# vegetables in the garden?



## leftyfretguy (Jan 2, 2008)

I pulled up the old vegetable garden to put in the garden railroad and had the intention of keeping the vegetables in big pots to avoid weeds. But, I can't find any room for the pots! I do have an area that was going to be a roundhouse, but that project is on the end of a long list of projects (years away - if ever) so I was thinking of putting the vegetables in that area - right in the middle of the garden railroad. Has anyone ever incorporated vegetables into their landscaping and had it look nice? I plan on having tomatoes, cucumbers and artichokes right now but maybe more will show up later.
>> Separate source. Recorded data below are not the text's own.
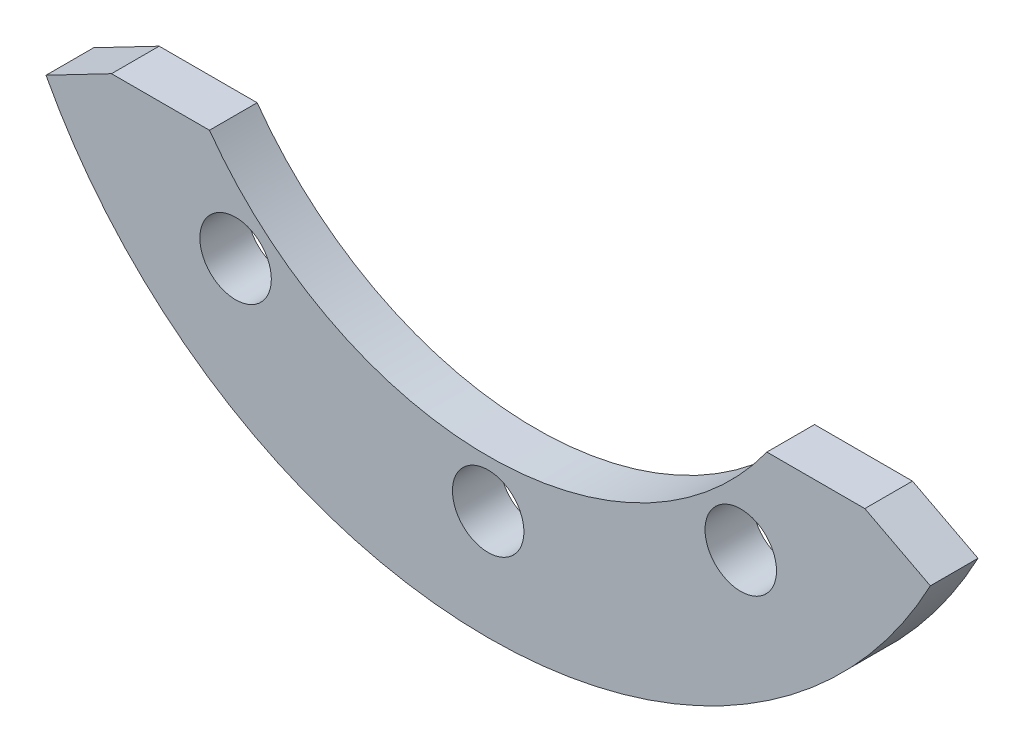
ISO-10303-21;
HEADER;
FILE_DESCRIPTION(('STEP AP214'),'2;1');
FILE_NAME('part.step','',(''),(''),'','','');
FILE_SCHEMA(('AUTOMOTIVE_DESIGN { 1 0 10303 214 1 1 1 1 }'));
ENDSEC;
DATA;
#1=APPLICATION_CONTEXT('core data for automotive mechanical design processes');
#2=APPLICATION_PROTOCOL_DEFINITION('international standard','automotive_design',2000,#1);
#3=PRODUCT_CONTEXT('',#1,'mechanical');
#4=PRODUCT('Part','Part','',(#3));
#5=PRODUCT_RELATED_PRODUCT_CATEGORY('part','',(#4));
#6=PRODUCT_DEFINITION_FORMATION('','',#4);
#7=PRODUCT_DEFINITION_CONTEXT('part definition',#1,'design');
#8=PRODUCT_DEFINITION('design','',#6,#7);
#9=PRODUCT_DEFINITION_SHAPE('','',#8);
#10=(LENGTH_UNIT() NAMED_UNIT(*) SI_UNIT(.MILLI.,.METRE.));
#11=(NAMED_UNIT(*) PLANE_ANGLE_UNIT() SI_UNIT($,.RADIAN.));
#12=(NAMED_UNIT(*) SI_UNIT($,.STERADIAN.) SOLID_ANGLE_UNIT());
#13=UNCERTAINTY_MEASURE_WITH_UNIT(LENGTH_MEASURE(1.E-05),#10,'distance_accuracy_value','');
#14=(GEOMETRIC_REPRESENTATION_CONTEXT(3) GLOBAL_UNCERTAINTY_ASSIGNED_CONTEXT((#13)) GLOBAL_UNIT_ASSIGNED_CONTEXT((#10,
#11,#12)) REPRESENTATION_CONTEXT('',''));
#15=CARTESIAN_POINT('',(0.,0.,0.));
#16=DIRECTION('',(0.,0.,1.));
#17=DIRECTION('',(1.,0.,0.));
#18=AXIS2_PLACEMENT_3D('',#15,#16,#17);
#19=CARTESIAN_POINT('',(5.84807660688538,-4.2,-1.));
#20=DIRECTION('',(0.,1.,0.));
#21=DIRECTION('',(0.,0.,1.));
#22=AXIS2_PLACEMENT_3D('',#19,#20,#21);
#23=PLANE('',#22);
#24=DIRECTION('',(-1.,0.,0.));
#25=VECTOR('',#24,1.);
#26=CARTESIAN_POINT('',(5.84807660688538,-4.2,0.));
#27=LINE('',#26,#25);
#28=CARTESIAN_POINT('',(7.90332208631282,-4.2,0.));
#29=VERTEX_POINT('',#28);
#30=CARTESIAN_POINT('',(5.84807660688538,-4.2,0.));
#31=VERTEX_POINT('',#30);
#32=EDGE_CURVE('E97',#29,#31,#27,.T.);
#33=ORIENTED_EDGE('',*,*,#32,.F.);
#34=DIRECTION('',(0.,0.,1.));
#35=VECTOR('',#34,1.);
#36=CARTESIAN_POINT('',(7.90332208631282,-4.2,-1.));
#37=LINE('',#36,#35);
#38=CARTESIAN_POINT('',(7.90332208631282,-4.2,-1.));
#39=VERTEX_POINT('',#38);
#40=EDGE_CURVE('E47',#39,#29,#37,.T.);
#41=ORIENTED_EDGE('',*,*,#40,.F.);
#42=DIRECTION('',(-1.,0.,0.));
#43=VECTOR('',#42,1.);
#44=CARTESIAN_POINT('',(5.84807660688538,-4.2,-1.));
#45=LINE('',#44,#43);
#46=CARTESIAN_POINT('',(5.84807660688538,-4.2,-1.));
#47=VERTEX_POINT('',#46);
#48=EDGE_CURVE('E95',#39,#47,#45,.T.);
#49=ORIENTED_EDGE('',*,*,#48,.T.);
#50=DIRECTION('',(0.,0.,1.));
#51=VECTOR('',#50,1.);
#52=CARTESIAN_POINT('',(5.84807660688538,-4.2,-1.));
#53=LINE('',#52,#51);
#54=EDGE_CURVE('E11',#47,#31,#53,.T.);
#55=ORIENTED_EDGE('',*,*,#54,.T.);
#56=EDGE_LOOP('',(#33,#41,#49,#55));
#57=FACE_BOUND('',#56,.T.);
#58=ADVANCED_FACE('F32',(#57),#23,.T.);
#59=CARTESIAN_POINT('',(0.,0.,-1.));
#60=DIRECTION('',(0.,0.,1.));
#61=DIRECTION('',(1.,0.,0.));
#62=AXIS2_PLACEMENT_3D('',#59,#60,#61);
#63=CYLINDRICAL_SURFACE('',#62,10.5);
#64=CARTESIAN_POINT('',(0.,0.,-1.));
#65=DIRECTION('',(0.,0.,1.));
#66=DIRECTION('',(1.,0.,0.));
#67=AXIS2_PLACEMENT_3D('',#64,#65,#66);
#68=CIRCLE('',#67,10.5);
#69=CARTESIAN_POINT('',(-9.27823124000227,-4.91573240291271,-1.));
#70=VERTEX_POINT('',#69);
#71=CARTESIAN_POINT('',(9.27823124000227,-4.91573240291271,-1.));
#72=VERTEX_POINT('',#71);
#73=EDGE_CURVE('E104',#70,#72,#68,.T.);
#74=ORIENTED_EDGE('',*,*,#73,.T.);
#75=DIRECTION('',(0.,0.,1.));
#76=VECTOR('',#75,1.);
#77=CARTESIAN_POINT('',(9.27823124000227,-4.91573240291271,-1.));
#78=LINE('',#77,#76);
#79=CARTESIAN_POINT('',(9.27823124000227,-4.91573240291271,0.));
#80=VERTEX_POINT('',#79);
#81=EDGE_CURVE('E86',#72,#80,#78,.T.);
#82=ORIENTED_EDGE('',*,*,#81,.T.);
#83=CARTESIAN_POINT('',(0.,0.,0.));
#84=DIRECTION('',(0.,0.,1.));
#85=DIRECTION('',(1.,0.,0.));
#86=AXIS2_PLACEMENT_3D('',#83,#84,#85);
#87=CIRCLE('',#86,10.5);
#88=CARTESIAN_POINT('',(-9.27823124000227,-4.91573240291271,0.));
#89=VERTEX_POINT('',#88);
#90=EDGE_CURVE('E117',#89,#80,#87,.T.);
#91=ORIENTED_EDGE('',*,*,#90,.F.);
#92=DIRECTION('',(0.,0.,1.));
#93=VECTOR('',#92,1.);
#94=CARTESIAN_POINT('',(-9.27823124000227,-4.91573240291271,-1.));
#95=LINE('',#94,#93);
#96=EDGE_CURVE('E55',#70,#89,#95,.T.);
#97=ORIENTED_EDGE('',*,*,#96,.F.);
#98=EDGE_LOOP('',(#74,#82,#91,#97));
#99=FACE_BOUND('',#98,.T.);
#100=ADVANCED_FACE('F155',(#99),#63,.T.);
#101=CARTESIAN_POINT('',(0.,0.,-1.));
#102=DIRECTION('',(0.,0.,1.));
#103=DIRECTION('',(1.,0.,0.));
#104=AXIS2_PLACEMENT_3D('',#101,#102,#103);
#105=PLANE('',#104);
#106=CARTESIAN_POINT('',(5.3,-6.25699608438426,-1.));
#107=DIRECTION('',(0.,0.,1.));
#108=DIRECTION('',(1.,0.,0.));
#109=AXIS2_PLACEMENT_3D('',#106,#107,#108);
#110=CIRCLE('',#109,0.75);
#111=CARTESIAN_POINT('',(6.05,-6.25699608438426,-1.));
#112=VERTEX_POINT('',#111);
#113=EDGE_CURVE('E114',#112,#112,#110,.T.);
#114=ORIENTED_EDGE('',*,*,#113,.T.);
#115=EDGE_LOOP('',(#114));
#116=FACE_BOUND('',#115,.T.);
#117=CARTESIAN_POINT('',(-5.3,-6.25699608438426,-1.));
#118=DIRECTION('',(0.,0.,1.));
#119=DIRECTION('',(1.,0.,0.));
#120=AXIS2_PLACEMENT_3D('',#117,#118,#119);
#121=CIRCLE('',#120,0.75);
#122=CARTESIAN_POINT('',(-4.55,-6.25699608438426,-1.));
#123=VERTEX_POINT('',#122);
#124=EDGE_CURVE('E130',#123,#123,#121,.T.);
#125=ORIENTED_EDGE('',*,*,#124,.T.);
#126=EDGE_LOOP('',(#125));
#127=FACE_BOUND('',#126,.T.);
#128=CARTESIAN_POINT('',(0.,-8.2,-1.));
#129=DIRECTION('',(0.,0.,1.));
#130=DIRECTION('',(1.,0.,0.));
#131=AXIS2_PLACEMENT_3D('',#128,#129,#130);
#132=CIRCLE('',#131,0.75);
#133=CARTESIAN_POINT('',(0.75,-8.2,-1.));
#134=VERTEX_POINT('',#133);
#135=EDGE_CURVE('E136',#134,#134,#132,.T.);
#136=ORIENTED_EDGE('',*,*,#135,.T.);
#137=EDGE_LOOP('',(#136));
#138=FACE_BOUND('',#137,.T.);
#139=DIRECTION('',(-0.887010833178223,0.461748613235031,0.));
#140=VECTOR('',#139,1.);
#141=CARTESIAN_POINT('',(7.90332208631282,-4.2,-1.));
#142=LINE('',#141,#140);
#143=EDGE_CURVE('E83',#72,#39,#142,.T.);
#144=ORIENTED_EDGE('',*,*,#143,.F.);
#145=ORIENTED_EDGE('',*,*,#73,.F.);
#146=DIRECTION('',(0.887010833178223,0.461748613235031,0.));
#147=VECTOR('',#146,1.);
#148=CARTESIAN_POINT('',(-7.90332208631282,-4.2,-1.));
#149=LINE('',#148,#147);
#150=CARTESIAN_POINT('',(-7.90332208631282,-4.2,-1.));
#151=VERTEX_POINT('',#150);
#152=EDGE_CURVE('E144',#70,#151,#149,.T.);
#153=ORIENTED_EDGE('',*,*,#152,.T.);
#154=DIRECTION('',(-1.,0.,0.));
#155=VECTOR('',#154,1.);
#156=CARTESIAN_POINT('',(-9.62340895940726,-4.2,-1.));
#157=LINE('',#156,#155);
#158=CARTESIAN_POINT('',(-5.84807660688538,-4.2,-1.));
#159=VERTEX_POINT('',#158);
#160=EDGE_CURVE('E106',#159,#151,#157,.T.);
#161=ORIENTED_EDGE('',*,*,#160,.F.);
#162=CARTESIAN_POINT('',(0.,0.,-1.));
#163=DIRECTION('',(0.,0.,-1.));
#164=DIRECTION('',(1.,0.,0.));
#165=AXIS2_PLACEMENT_3D('',#162,#163,#164);
#166=CIRCLE('',#165,7.2);
#167=EDGE_CURVE('E103',#47,#159,#166,.T.);
#168=ORIENTED_EDGE('',*,*,#167,.F.);
#169=ORIENTED_EDGE('',*,*,#48,.F.);
#170=EDGE_LOOP('',(#144,#145,#153,#161,#168,#169));
#171=FACE_BOUND('',#170,.T.);
#172=ADVANCED_FACE('F100',(#116,#127,#138,#171),#105,.F.);
#173=CARTESIAN_POINT('',(0.,0.,0.));
#174=DIRECTION('',(0.,0.,1.));
#175=DIRECTION('',(1.,0.,0.));
#176=AXIS2_PLACEMENT_3D('',#173,#174,#175);
#177=PLANE('',#176);
#178=CARTESIAN_POINT('',(0.,-8.2,0.));
#179=DIRECTION('',(0.,0.,1.));
#180=DIRECTION('',(1.,0.,0.));
#181=AXIS2_PLACEMENT_3D('',#178,#179,#180);
#182=CIRCLE('',#181,0.75);
#183=CARTESIAN_POINT('',(0.75,-8.2,0.));
#184=VERTEX_POINT('',#183);
#185=EDGE_CURVE('E139',#184,#184,#182,.T.);
#186=ORIENTED_EDGE('',*,*,#185,.F.);
#187=EDGE_LOOP('',(#186));
#188=FACE_BOUND('',#187,.T.);
#189=CARTESIAN_POINT('',(-5.3,-6.25699608438426,0.));
#190=DIRECTION('',(0.,0.,1.));
#191=DIRECTION('',(1.,0.,0.));
#192=AXIS2_PLACEMENT_3D('',#189,#190,#191);
#193=CIRCLE('',#192,0.75);
#194=CARTESIAN_POINT('',(-4.55,-6.25699608438426,0.));
#195=VERTEX_POINT('',#194);
#196=EDGE_CURVE('E133',#195,#195,#193,.T.);
#197=ORIENTED_EDGE('',*,*,#196,.F.);
#198=EDGE_LOOP('',(#197));
#199=FACE_BOUND('',#198,.T.);
#200=CARTESIAN_POINT('',(5.3,-6.25699608438426,0.));
#201=DIRECTION('',(0.,0.,1.));
#202=DIRECTION('',(1.,0.,0.));
#203=AXIS2_PLACEMENT_3D('',#200,#201,#202);
#204=CIRCLE('',#203,0.75);
#205=CARTESIAN_POINT('',(6.05,-6.25699608438426,0.));
#206=VERTEX_POINT('',#205);
#207=EDGE_CURVE('E127',#206,#206,#204,.T.);
#208=ORIENTED_EDGE('',*,*,#207,.F.);
#209=EDGE_LOOP('',(#208));
#210=FACE_BOUND('',#209,.T.);
#211=ORIENTED_EDGE('',*,*,#90,.T.);
#212=DIRECTION('',(-0.887010833178223,0.461748613235031,0.));
#213=VECTOR('',#212,1.);
#214=CARTESIAN_POINT('',(7.90332208631282,-4.2,0.));
#215=LINE('',#214,#213);
#216=EDGE_CURVE('E91',#80,#29,#215,.T.);
#217=ORIENTED_EDGE('',*,*,#216,.T.);
#218=ORIENTED_EDGE('',*,*,#32,.T.);
#219=CARTESIAN_POINT('',(0.,0.,0.));
#220=DIRECTION('',(0.,0.,-1.));
#221=DIRECTION('',(1.,0.,0.));
#222=AXIS2_PLACEMENT_3D('',#219,#220,#221);
#223=CIRCLE('',#222,7.2);
#224=CARTESIAN_POINT('',(-5.84807660688538,-4.2,0.));
#225=VERTEX_POINT('',#224);
#226=EDGE_CURVE('E110',#31,#225,#223,.T.);
#227=ORIENTED_EDGE('',*,*,#226,.T.);
#228=DIRECTION('',(-1.,0.,0.));
#229=VECTOR('',#228,1.);
#230=CARTESIAN_POINT('',(-9.62340895940726,-4.2,0.));
#231=LINE('',#230,#229);
#232=CARTESIAN_POINT('',(-7.90332208631282,-4.2,0.));
#233=VERTEX_POINT('',#232);
#234=EDGE_CURVE('E113',#225,#233,#231,.T.);
#235=ORIENTED_EDGE('',*,*,#234,.T.);
#236=DIRECTION('',(0.887010833178223,0.461748613235031,0.));
#237=VECTOR('',#236,1.);
#238=CARTESIAN_POINT('',(-7.90332208631282,-4.2,0.));
#239=LINE('',#238,#237);
#240=EDGE_CURVE('E147',#89,#233,#239,.T.);
#241=ORIENTED_EDGE('',*,*,#240,.F.);
#242=EDGE_LOOP('',(#211,#217,#218,#227,#235,#241));
#243=FACE_BOUND('',#242,.T.);
#244=ADVANCED_FACE('F152',(#188,#199,#210,#243),#177,.T.);
#245=CARTESIAN_POINT('',(0.,0.,-1.));
#246=DIRECTION('',(0.,0.,1.));
#247=DIRECTION('',(1.,0.,0.));
#248=AXIS2_PLACEMENT_3D('',#245,#246,#247);
#249=CYLINDRICAL_SURFACE('',#248,7.2);
#250=ORIENTED_EDGE('',*,*,#226,.F.);
#251=ORIENTED_EDGE('',*,*,#54,.F.);
#252=ORIENTED_EDGE('',*,*,#167,.T.);
#253=DIRECTION('',(0.,0.,1.));
#254=VECTOR('',#253,1.);
#255=CARTESIAN_POINT('',(-5.84807660688538,-4.2,-1.));
#256=LINE('',#255,#254);
#257=EDGE_CURVE('E36',#159,#225,#256,.T.);
#258=ORIENTED_EDGE('',*,*,#257,.T.);
#259=EDGE_LOOP('',(#250,#251,#252,#258));
#260=FACE_BOUND('',#259,.T.);
#261=ADVANCED_FACE('F34',(#260),#249,.F.);
#262=CARTESIAN_POINT('',(-9.62340895940726,-4.2,-1.));
#263=DIRECTION('',(0.,1.,0.));
#264=DIRECTION('',(0.,0.,1.));
#265=AXIS2_PLACEMENT_3D('',#262,#263,#264);
#266=PLANE('',#265);
#267=DIRECTION('',(0.,0.,1.));
#268=VECTOR('',#267,1.);
#269=CARTESIAN_POINT('',(-7.90332208631282,-4.2,-1.));
#270=LINE('',#269,#268);
#271=EDGE_CURVE('E142',#151,#233,#270,.T.);
#272=ORIENTED_EDGE('',*,*,#271,.T.);
#273=ORIENTED_EDGE('',*,*,#234,.F.);
#274=ORIENTED_EDGE('',*,*,#257,.F.);
#275=ORIENTED_EDGE('',*,*,#160,.T.);
#276=EDGE_LOOP('',(#272,#273,#274,#275));
#277=FACE_BOUND('',#276,.T.);
#278=ADVANCED_FACE('F157',(#277),#266,.T.);
#279=CARTESIAN_POINT('',(5.3,-6.25699608438426,0.));
#280=DIRECTION('',(0.,0.,1.));
#281=DIRECTION('',(1.,0.,0.));
#282=AXIS2_PLACEMENT_3D('',#279,#280,#281);
#283=CYLINDRICAL_SURFACE('',#282,0.75);
#284=ORIENTED_EDGE('',*,*,#113,.F.);
#285=EDGE_LOOP('',(#284));
#286=FACE_BOUND('',#285,.T.);
#287=ORIENTED_EDGE('',*,*,#207,.T.);
#288=EDGE_LOOP('',(#287));
#289=FACE_BOUND('',#288,.T.);
#290=ADVANCED_FACE('F181',(#286,#289),#283,.F.);
#291=CARTESIAN_POINT('',(-5.3,-6.25699608438426,0.));
#292=DIRECTION('',(0.,0.,1.));
#293=DIRECTION('',(1.,0.,0.));
#294=AXIS2_PLACEMENT_3D('',#291,#292,#293);
#295=CYLINDRICAL_SURFACE('',#294,0.75);
#296=ORIENTED_EDGE('',*,*,#124,.F.);
#297=EDGE_LOOP('',(#296));
#298=FACE_BOUND('',#297,.T.);
#299=ORIENTED_EDGE('',*,*,#196,.T.);
#300=EDGE_LOOP('',(#299));
#301=FACE_BOUND('',#300,.T.);
#302=ADVANCED_FACE('F169',(#298,#301),#295,.F.);
#303=CARTESIAN_POINT('',(0.,-8.2,0.));
#304=DIRECTION('',(0.,0.,1.));
#305=DIRECTION('',(1.,0.,0.));
#306=AXIS2_PLACEMENT_3D('',#303,#304,#305);
#307=CYLINDRICAL_SURFACE('',#306,0.75);
#308=ORIENTED_EDGE('',*,*,#135,.F.);
#309=EDGE_LOOP('',(#308));
#310=FACE_BOUND('',#309,.T.);
#311=ORIENTED_EDGE('',*,*,#185,.T.);
#312=EDGE_LOOP('',(#311));
#313=FACE_BOUND('',#312,.T.);
#314=ADVANCED_FACE('F162',(#310,#313),#307,.F.);
#315=CARTESIAN_POINT('',(-7.90332208631282,-4.2,-1.));
#316=DIRECTION('',(0.461748613235031,-0.887010833178223,0.));
#317=DIRECTION('',(0.887010833178223,0.461748613235031,0.));
#318=AXIS2_PLACEMENT_3D('',#315,#316,#317);
#319=PLANE('',#318);
#320=ORIENTED_EDGE('',*,*,#240,.T.);
#321=ORIENTED_EDGE('',*,*,#271,.F.);
#322=ORIENTED_EDGE('',*,*,#152,.F.);
#323=ORIENTED_EDGE('',*,*,#96,.T.);
#324=EDGE_LOOP('',(#320,#321,#322,#323));
#325=FACE_BOUND('',#324,.T.);
#326=ADVANCED_FACE('F160',(#325),#319,.F.);
#327=CARTESIAN_POINT('',(7.90332208631282,-4.2,-1.));
#328=DIRECTION('',(0.461748613235031,0.887010833178223,0.));
#329=DIRECTION('',(-0.887010833178223,0.461748613235031,0.));
#330=AXIS2_PLACEMENT_3D('',#327,#328,#329);
#331=PLANE('',#330);
#332=ORIENTED_EDGE('',*,*,#216,.F.);
#333=ORIENTED_EDGE('',*,*,#81,.F.);
#334=ORIENTED_EDGE('',*,*,#143,.T.);
#335=ORIENTED_EDGE('',*,*,#40,.T.);
#336=EDGE_LOOP('',(#332,#333,#334,#335));
#337=FACE_BOUND('',#336,.T.);
#338=ADVANCED_FACE('F84',(#337),#331,.T.);
#339=CLOSED_SHELL('',(#58,#100,#172,#244,#261,#278,#290,#302,#314,#326,#338));
#340=MANIFOLD_SOLID_BREP('B2',#339);
#341=ADVANCED_BREP_SHAPE_REPRESENTATION('',(#18,#340),#14);
#342=SHAPE_DEFINITION_REPRESENTATION(#9,#341);
ENDSEC;
END-ISO-10303-21;

Is there any way to "blend" them in nicely or will they just look out of place? 
Anyone else done this? 
thanks, 
Matt


----------



## Dave F (Jan 2, 2008)

Right smack dab in the middle of my loop you will find tomatos (3 varieties), cucumbers, strawberries, peppers, basil, cilantro, onions, watermellon and radishes..


----------



## sheepdog (Jan 2, 2008)

Sure have! 








" 

Craig


----------



## SandyR (Jan 6, 2008)

Craig, the harvest train pic is the happiest thing that I've seen in a long time! Thank you for sharing it with us...it's an inspiration. 
SandyR


----------



## John B (Jan 2, 2008)

Craig, 

Is that a "Hot" freight?


----------



## sheepdog (Jan 2, 2008)

Thanks guys. Yup! That would be a "Hot" freight. A few more views.


Garden Train 


Craig


----------



## VillageRail (Apr 25, 2008)

Craig, 

Do you have a branch line straight into the kitchen?  

Paul


----------



## bennysrr (Jan 2, 2008)

Sheepdog 
It looks like you are going to supply the hole neighborhood with HOT goodies . 
BEN


----------